**AIM OF THE TASK:**
Would you please give the entries again word for word, with no images in your copy?

[EXTRACTED INFORMATION — start]

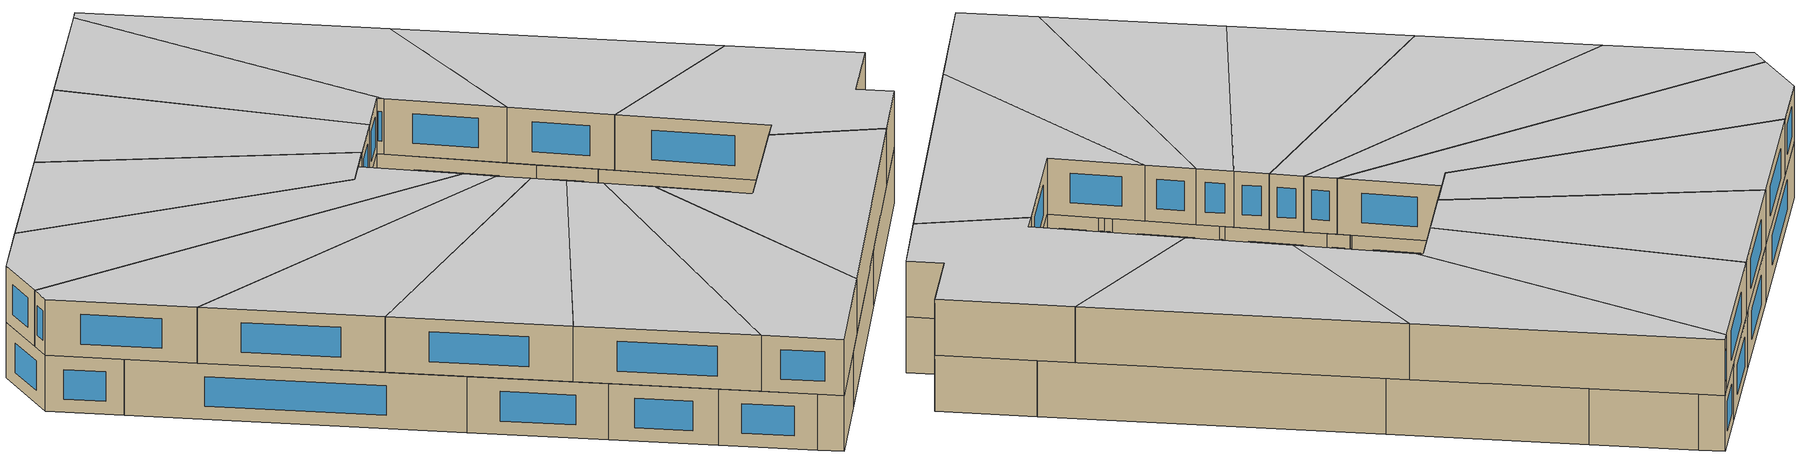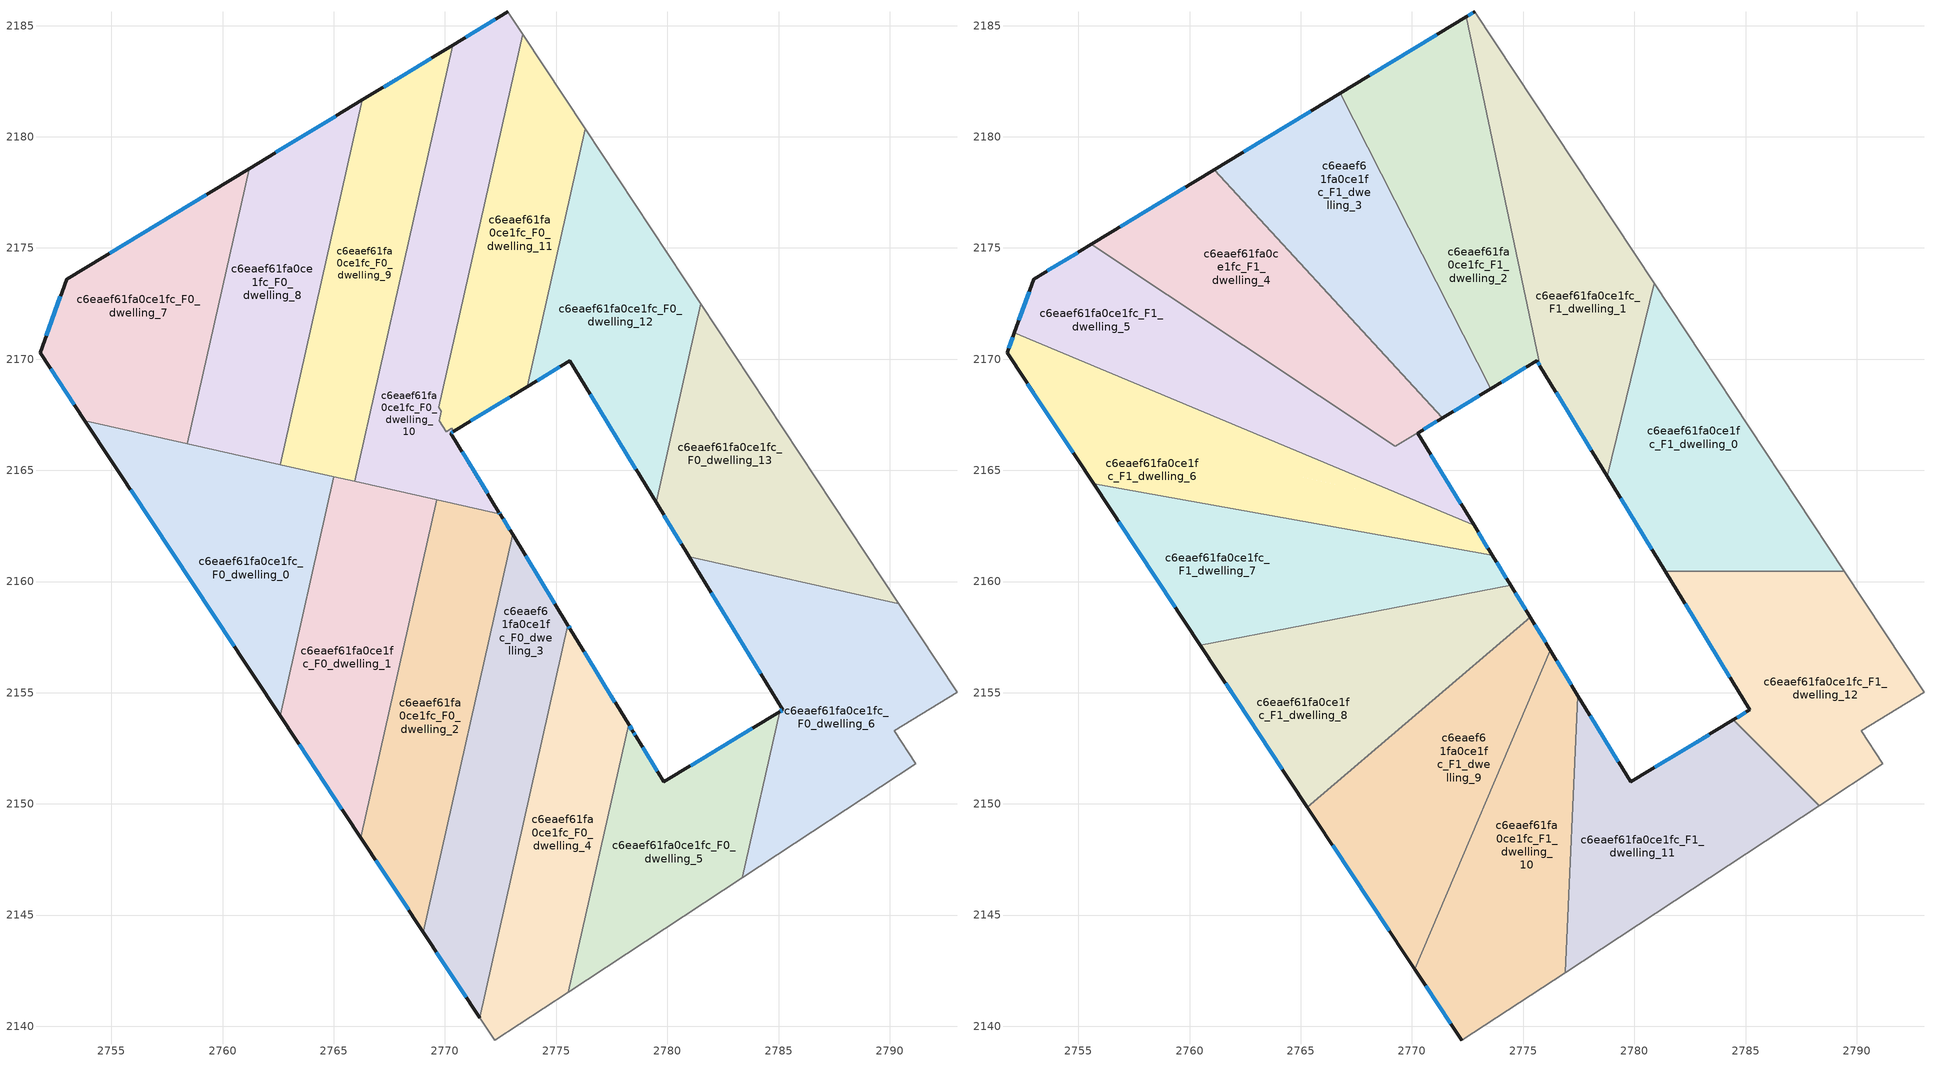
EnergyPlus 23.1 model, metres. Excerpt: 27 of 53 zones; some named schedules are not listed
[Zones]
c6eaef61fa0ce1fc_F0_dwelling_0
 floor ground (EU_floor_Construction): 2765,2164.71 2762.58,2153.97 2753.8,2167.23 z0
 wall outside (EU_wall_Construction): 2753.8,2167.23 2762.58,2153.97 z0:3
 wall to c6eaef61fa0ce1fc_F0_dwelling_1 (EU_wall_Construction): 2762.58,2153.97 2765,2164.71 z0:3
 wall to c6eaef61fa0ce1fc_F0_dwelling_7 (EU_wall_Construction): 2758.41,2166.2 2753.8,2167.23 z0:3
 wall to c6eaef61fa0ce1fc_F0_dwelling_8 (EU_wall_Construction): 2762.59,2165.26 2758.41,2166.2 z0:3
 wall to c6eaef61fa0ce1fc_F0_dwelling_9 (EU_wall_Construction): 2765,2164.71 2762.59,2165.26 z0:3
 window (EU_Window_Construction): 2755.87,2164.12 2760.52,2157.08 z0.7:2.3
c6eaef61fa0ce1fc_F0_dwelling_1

[EXTRACTED INFORMATION — finish]

**RESULT:**
EnergyPlus 23.1 model, metres. Excerpt: 27 of 53 zones; some named schedules are not listed
[Zones]
c6eaef61fa0ce1fc_F0_dwelling_0
 floor ground (EU_floor_Construction): 2765,2164.71 2762.58,2153.97 2753.8,2167.23 z0
 wall outside (EU_wall_Construction): 2753.8,2167.23 2762.58,2153.97 z0:3
 wall to c6eaef61fa0ce1fc_F0_dwelling_1 (EU_wall_Construction): 2762.58,2153.97 2765,2164.71 z0:3
 wall to c6eaef61fa0ce1fc_F0_dwelling_7 (EU_wall_Construction): 2758.41,2166.2 2753.8,2167.23 z0:3
 wall to c6eaef61fa0ce1fc_F0_dwelling_8 (EU_wall_Construction): 2762.59,2165.26 2758.41,2166.2 z0:3
 wall to c6eaef61fa0ce1fc_F0_dwelling_9 (EU_wall_Construction): 2765,2164.71 2762.59,2165.26 z0:3
 window (EU_Window_Construction): 2755.87,2164.12 2760.52,2157.08 z0.7:2.3
c6eaef61fa0ce1fc_F0_dwelling_1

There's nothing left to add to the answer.